TASK DESCRIPTION =
Leave every image out, and print the remaining lines below exactly.

DATA EXTRACTS =
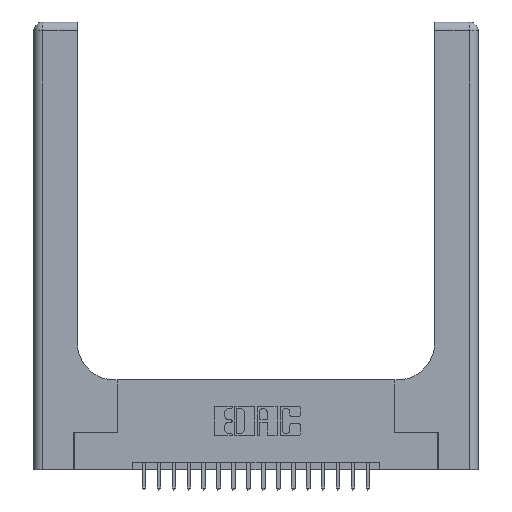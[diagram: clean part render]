
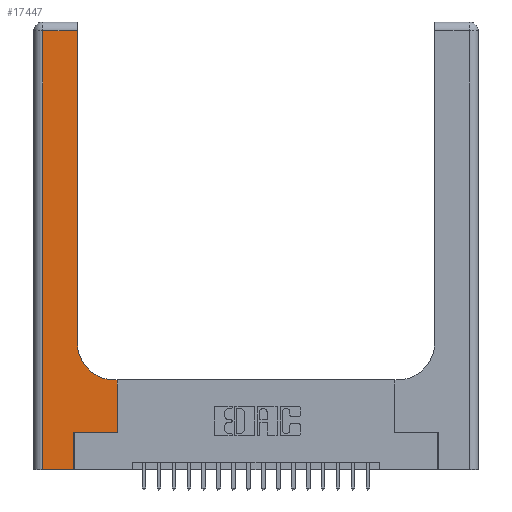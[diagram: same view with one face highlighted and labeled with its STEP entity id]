
A CAD part, top view. The second image highlights one B-rep face of the part: STEP entity #17447.
In plain terms, the highlighted planar face has unit normal (0, 0, 1).
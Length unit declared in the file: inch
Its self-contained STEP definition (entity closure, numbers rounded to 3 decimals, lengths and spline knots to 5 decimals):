
#14 = VECTOR ( 'NONE', #2336, 39.37008 ) ;
#706 = CARTESIAN_POINT ( 'NONE',  ( 0.06, 3., 0.37 ) ) ;
#894 = FACE_OUTER_BOUND ( 'NONE', #11871, .T. ) ;
#966 = DIRECTION ( 'NONE',  ( 1., 0., 0. ) ) ;
#1171 = LINE ( 'NONE', #12898, #3991 ) ;
#1373 = ORIENTED_EDGE ( 'NONE', *, *, #11660, .T. ) ;
#1734 = CARTESIAN_POINT ( 'NONE',  ( 0., 2.94, 0.37 ) ) ;
#2336 = DIRECTION ( 'NONE',  ( 0., 1., 0. ) ) ;
#2822 = DIRECTION ( 'NONE',  ( -1., 0., 0. ) ) ;
#2849 = AXIS2_PLACEMENT_3D ( 'NONE', #13999, #13925, #966 ) ;
#2996 = DIRECTION ( 'NONE',  ( -1., 0., 0. ) ) ;
#3386 = VECTOR ( 'NONE', #2996, 39.37008 ) ;
#3479 = EDGE_CURVE ( 'NONE', #14554, #19609, #14915, .T. ) ;
#3991 = VECTOR ( 'NONE', #9552, 39.37008 ) ;
#4349 = LINE ( 'NONE', #11760, #11518 ) ;
#4429 = LINE ( 'NONE', #19491, #3386 ) ;
#4542 = VERTEX_POINT ( 'NONE', #15898 ) ;
#4910 = EDGE_CURVE ( 'NONE', #5009, #4542, #4349, .T. ) ;
#4928 = DIRECTION ( 'NONE',  ( -1., 0., 0. ) ) ;
#5009 = VERTEX_POINT ( 'NONE', #12184 ) ;
#5125 = CARTESIAN_POINT ( 'NONE',  ( 0.2915, 3., 0.37 ) ) ;
#5774 = EDGE_CURVE ( 'NONE', #19146, #14554, #15254, .T. ) ;
#6314 = ORIENTED_EDGE ( 'NONE', *, *, #12877, .T. ) ;
#6374 = DIRECTION ( 'NONE',  ( 0., 0., -1. ) ) ;
#6720 = LINE ( 'NONE', #1734, #12134 ) ;
#7050 = VECTOR ( 'NONE', #15819, 39.37008 ) ;
#7969 = EDGE_CURVE ( 'NONE', #13980, #16118, #8232, .T. ) ;
#8038 = CARTESIAN_POINT ( 'NONE',  ( 0., 3., 0.37 ) ) ;
#8145 = CARTESIAN_POINT ( 'NONE',  ( 0., 0., 0.37 ) ) ;
#8232 = LINE ( 'NONE', #8145, #16444 ) ;
#8944 = DIRECTION ( 'NONE',  ( 0., -1., 0. ) ) ;
#9348 = LINE ( 'NONE', #12521, #7050 ) ;
#9552 = DIRECTION ( 'NONE',  ( 1., 0., 0. ) ) ;
#9593 = CARTESIAN_POINT ( 'NONE',  ( 0.269, 0.25, 0.37 ) ) ;
#10094 = VERTEX_POINT ( 'NONE', #9593 ) ;
#10963 = CARTESIAN_POINT ( 'NONE',  ( 0.5415, 0.6, 0.37 ) ) ;
#11032 = ORIENTED_EDGE ( 'NONE', *, *, #5774, .T. ) ;
#11518 = VECTOR ( 'NONE', #19878, 39.37008 ) ;
#11660 = EDGE_CURVE ( 'NONE', #10094, #5009, #1171, .T. ) ;
#11760 = CARTESIAN_POINT ( 'NONE',  ( 0.5585, 0.25, 0.37 ) ) ;
#11871 = EDGE_LOOP ( 'NONE', ( #11943, #13180, #6314, #13303, #14741, #1373, #18807, #13040, #11032 ) ) ;
#11943 = ORIENTED_EDGE ( 'NONE', *, *, #3479, .T. ) ;
#12108 = CARTESIAN_POINT ( 'NONE',  ( 0.06, 0., 0.37 ) ) ;
#12134 = VECTOR ( 'NONE', #4928, 39.37008 ) ;
#12184 = CARTESIAN_POINT ( 'NONE',  ( 0.5585, 0.25, 0.37 ) ) ;
#12521 = CARTESIAN_POINT ( 'NONE',  ( 0.269, 0., 0.37 ) ) ;
#12877 = EDGE_CURVE ( 'NONE', #20813, #13980, #20299, .T. ) ;
#12898 = CARTESIAN_POINT ( 'NONE',  ( 0.269, 0.25, 0.37 ) ) ;
#13040 = ORIENTED_EDGE ( 'NONE', *, *, #18729, .T. ) ;
#13180 = ORIENTED_EDGE ( 'NONE', *, *, #18172, .T. ) ;
#13303 = ORIENTED_EDGE ( 'NONE', *, *, #7969, .T. ) ;
#13636 = CARTESIAN_POINT ( 'NONE',  ( 0.2915, 2.94, 0.37 ) ) ;
#13925 = DIRECTION ( 'NONE',  ( 0., 0., -1. ) ) ;
#13980 = VERTEX_POINT ( 'NONE', #12108 ) ;
#13999 = CARTESIAN_POINT ( 'NONE',  ( 0.5415, 0.85, 0.37 ) ) ;
#14554 = VERTEX_POINT ( 'NONE', #18443 ) ;
#14741 = ORIENTED_EDGE ( 'NONE', *, *, #19235, .T. ) ;
#14915 = LINE ( 'NONE', #5125, #14 ) ;
#15254 = CIRCLE ( 'NONE', #2849, 0.25 ) ;
#15819 = DIRECTION ( 'NONE',  ( 0., 1., 0. ) ) ;
#15856 = CARTESIAN_POINT ( 'NONE',  ( 0.06, 2.94, 0.37 ) ) ;
#15898 = CARTESIAN_POINT ( 'NONE',  ( 0.5585, 0.6, 0.37 ) ) ;
#16004 = PLANE ( 'NONE',  #18663 ) ;
#16118 = VERTEX_POINT ( 'NONE', #17267 ) ;
#16404 = DIRECTION ( 'NONE',  ( 1., 0., 0. ) ) ;
#16444 = VECTOR ( 'NONE', #16404, 39.37008 ) ;
#16948 = VECTOR ( 'NONE', #8944, 39.37008 ) ;
#17267 = CARTESIAN_POINT ( 'NONE',  ( 0.269, 0., 0.37 ) ) ;
#17447 = ADVANCED_FACE ( 'NONE', ( #894 ), #16004, .F. ) ;
#18172 = EDGE_CURVE ( 'NONE', #19609, #20813, #6720, .T. ) ;
#18443 = CARTESIAN_POINT ( 'NONE',  ( 0.2915, 0.85, 0.37 ) ) ;
#18663 = AXIS2_PLACEMENT_3D ( 'NONE', #8038, #6374, #2822 ) ;
#18729 = EDGE_CURVE ( 'NONE', #4542, #19146, #4429, .T. ) ;
#18807 = ORIENTED_EDGE ( 'NONE', *, *, #4910, .T. ) ;
#19146 = VERTEX_POINT ( 'NONE', #10963 ) ;
#19235 = EDGE_CURVE ( 'NONE', #16118, #10094, #9348, .T. ) ;
#19491 = CARTESIAN_POINT ( 'NONE',  ( 0.2915, 0.6, 0.37 ) ) ;
#19609 = VERTEX_POINT ( 'NONE', #13636 ) ;
#19878 = DIRECTION ( 'NONE',  ( 0., 1., 0. ) ) ;
#20299 = LINE ( 'NONE', #706, #16948 ) ;
#20813 = VERTEX_POINT ( 'NONE', #15856 ) ;

OUTPUT FOR THIS TASK =
[diagram: clean part render]
[diagram: same view with one face highlighted and labeled with its STEP entity id]
A CAD part, top view. The second image highlights one B-rep face of the part: STEP entity #17447.
In plain terms, the highlighted planar face has unit normal (0, 0, 1).
Length unit declared in the file: inch
Its self-contained STEP definition (entity closure, numbers rounded to 3 decimals, lengths and spline knots to 5 decimals):
#14 = VECTOR ( 'NONE', #2336, 39.37008 ) ;
#706 = CARTESIAN_POINT ( 'NONE',  ( 0.06, 3., 0.37 ) ) ;
#894 = FACE_OUTER_BOUND ( 'NONE', #11871, .T. ) ;
#966 = DIRECTION ( 'NONE',  ( 1., 0., 0. ) ) ;
#1171 = LINE ( 'NONE', #12898, #3991 ) ;
#1373 = ORIENTED_EDGE ( 'NONE', *, *, #11660, .T. ) ;
#1734 = CARTESIAN_POINT ( 'NONE',  ( 0., 2.94, 0.37 ) ) ;
#2336 = DIRECTION ( 'NONE',  ( 0., 1., 0. ) ) ;
#2822 = DIRECTION ( 'NONE',  ( -1., 0., 0. ) ) ;
#2849 = AXIS2_PLACEMENT_3D ( 'NONE', #13999, #13925, #966 ) ;
#2996 = DIRECTION ( 'NONE',  ( -1., 0., 0. ) ) ;
#3386 = VECTOR ( 'NONE', #2996, 39.37008 ) ;
#3479 = EDGE_CURVE ( 'NONE', #14554, #19609, #14915, .T. ) ;
#3991 = VECTOR ( 'NONE', #9552, 39.37008 ) ;
#4349 = LINE ( 'NONE', #11760, #11518 ) ;
#4429 = LINE ( 'NONE', #19491, #3386 ) ;
#4542 = VERTEX_POINT ( 'NONE', #15898 ) ;
#4910 = EDGE_CURVE ( 'NONE', #5009, #4542, #4349, .T. ) ;
#4928 = DIRECTION ( 'NONE',  ( -1., 0., 0. ) ) ;
#5009 = VERTEX_POINT ( 'NONE', #12184 ) ;
#5125 = CARTESIAN_POINT ( 'NONE',  ( 0.2915, 3., 0.37 ) ) ;
#5774 = EDGE_CURVE ( 'NONE', #19146, #14554, #15254, .T. ) ;
#6314 = ORIENTED_EDGE ( 'NONE', *, *, #12877, .T. ) ;
#6374 = DIRECTION ( 'NONE',  ( 0., 0., -1. ) ) ;
#6720 = LINE ( 'NONE', #1734, #12134 ) ;
#7050 = VECTOR ( 'NONE', #15819, 39.37008 ) ;
#7969 = EDGE_CURVE ( 'NONE', #13980, #16118, #8232, .T. ) ;
#8038 = CARTESIAN_POINT ( 'NONE',  ( 0., 3., 0.37 ) ) ;
#8145 = CARTESIAN_POINT ( 'NONE',  ( 0., 0., 0.37 ) ) ;
#8232 = LINE ( 'NONE', #8145, #16444 ) ;
#8944 = DIRECTION ( 'NONE',  ( 0., -1., 0. ) ) ;
#9348 = LINE ( 'NONE', #12521, #7050 ) ;
#9552 = DIRECTION ( 'NONE',  ( 1., 0., 0. ) ) ;
#9593 = CARTESIAN_POINT ( 'NONE',  ( 0.269, 0.25, 0.37 ) ) ;
#10094 = VERTEX_POINT ( 'NONE', #9593 ) ;
#10963 = CARTESIAN_POINT ( 'NONE',  ( 0.5415, 0.6, 0.37 ) ) ;
#11032 = ORIENTED_EDGE ( 'NONE', *, *, #5774, .T. ) ;
#11518 = VECTOR ( 'NONE', #19878, 39.37008 ) ;
#11660 = EDGE_CURVE ( 'NONE', #10094, #5009, #1171, .T. ) ;
#11760 = CARTESIAN_POINT ( 'NONE',  ( 0.5585, 0.25, 0.37 ) ) ;
#11871 = EDGE_LOOP ( 'NONE', ( #11943, #13180, #6314, #13303, #14741, #1373, #18807, #13040, #11032 ) ) ;
#11943 = ORIENTED_EDGE ( 'NONE', *, *, #3479, .T. ) ;
#12108 = CARTESIAN_POINT ( 'NONE',  ( 0.06, 0., 0.37 ) ) ;
#12134 = VECTOR ( 'NONE', #4928, 39.37008 ) ;
#12184 = CARTESIAN_POINT ( 'NONE',  ( 0.5585, 0.25, 0.37 ) ) ;
#12521 = CARTESIAN_POINT ( 'NONE',  ( 0.269, 0., 0.37 ) ) ;
#12877 = EDGE_CURVE ( 'NONE', #20813, #13980, #20299, .T. ) ;
#12898 = CARTESIAN_POINT ( 'NONE',  ( 0.269, 0.25, 0.37 ) ) ;
#13040 = ORIENTED_EDGE ( 'NONE', *, *, #18729, .T. ) ;
#13180 = ORIENTED_EDGE ( 'NONE', *, *, #18172, .T. ) ;
#13303 = ORIENTED_EDGE ( 'NONE', *, *, #7969, .T. ) ;
#13636 = CARTESIAN_POINT ( 'NONE',  ( 0.2915, 2.94, 0.37 ) ) ;
#13925 = DIRECTION ( 'NONE',  ( 0., 0., -1. ) ) ;
#13980 = VERTEX_POINT ( 'NONE', #12108 ) ;
#13999 = CARTESIAN_POINT ( 'NONE',  ( 0.5415, 0.85, 0.37 ) ) ;
#14554 = VERTEX_POINT ( 'NONE', #18443 ) ;
#14741 = ORIENTED_EDGE ( 'NONE', *, *, #19235, .T. ) ;
#14915 = LINE ( 'NONE', #5125, #14 ) ;
#15254 = CIRCLE ( 'NONE', #2849, 0.25 ) ;
#15819 = DIRECTION ( 'NONE',  ( 0., 1., 0. ) ) ;
#15856 = CARTESIAN_POINT ( 'NONE',  ( 0.06, 2.94, 0.37 ) ) ;
#15898 = CARTESIAN_POINT ( 'NONE',  ( 0.5585, 0.6, 0.37 ) ) ;
#16004 = PLANE ( 'NONE',  #18663 ) ;
#16118 = VERTEX_POINT ( 'NONE', #17267 ) ;
#16404 = DIRECTION ( 'NONE',  ( 1., 0., 0. ) ) ;
#16444 = VECTOR ( 'NONE', #16404, 39.37008 ) ;
#16948 = VECTOR ( 'NONE', #8944, 39.37008 ) ;
#17267 = CARTESIAN_POINT ( 'NONE',  ( 0.269, 0., 0.37 ) ) ;
#17447 = ADVANCED_FACE ( 'NONE', ( #894 ), #16004, .F. ) ;
#18172 = EDGE_CURVE ( 'NONE', #19609, #20813, #6720, .T. ) ;
#18443 = CARTESIAN_POINT ( 'NONE',  ( 0.2915, 0.85, 0.37 ) ) ;
#18663 = AXIS2_PLACEMENT_3D ( 'NONE', #8038, #6374, #2822 ) ;
#18729 = EDGE_CURVE ( 'NONE', #4542, #19146, #4429, .T. ) ;
#18807 = ORIENTED_EDGE ( 'NONE', *, *, #4910, .T. ) ;
#19146 = VERTEX_POINT ( 'NONE', #10963 ) ;
#19235 = EDGE_CURVE ( 'NONE', #16118, #10094, #9348, .T. ) ;
#19491 = CARTESIAN_POINT ( 'NONE',  ( 0.2915, 0.6, 0.37 ) ) ;
#19609 = VERTEX_POINT ( 'NONE', #13636 ) ;
#19878 = DIRECTION ( 'NONE',  ( 0., 1., 0. ) ) ;
#20299 = LINE ( 'NONE', #706, #16948 ) ;
#20813 = VERTEX_POINT ( 'NONE', #15856 ) ;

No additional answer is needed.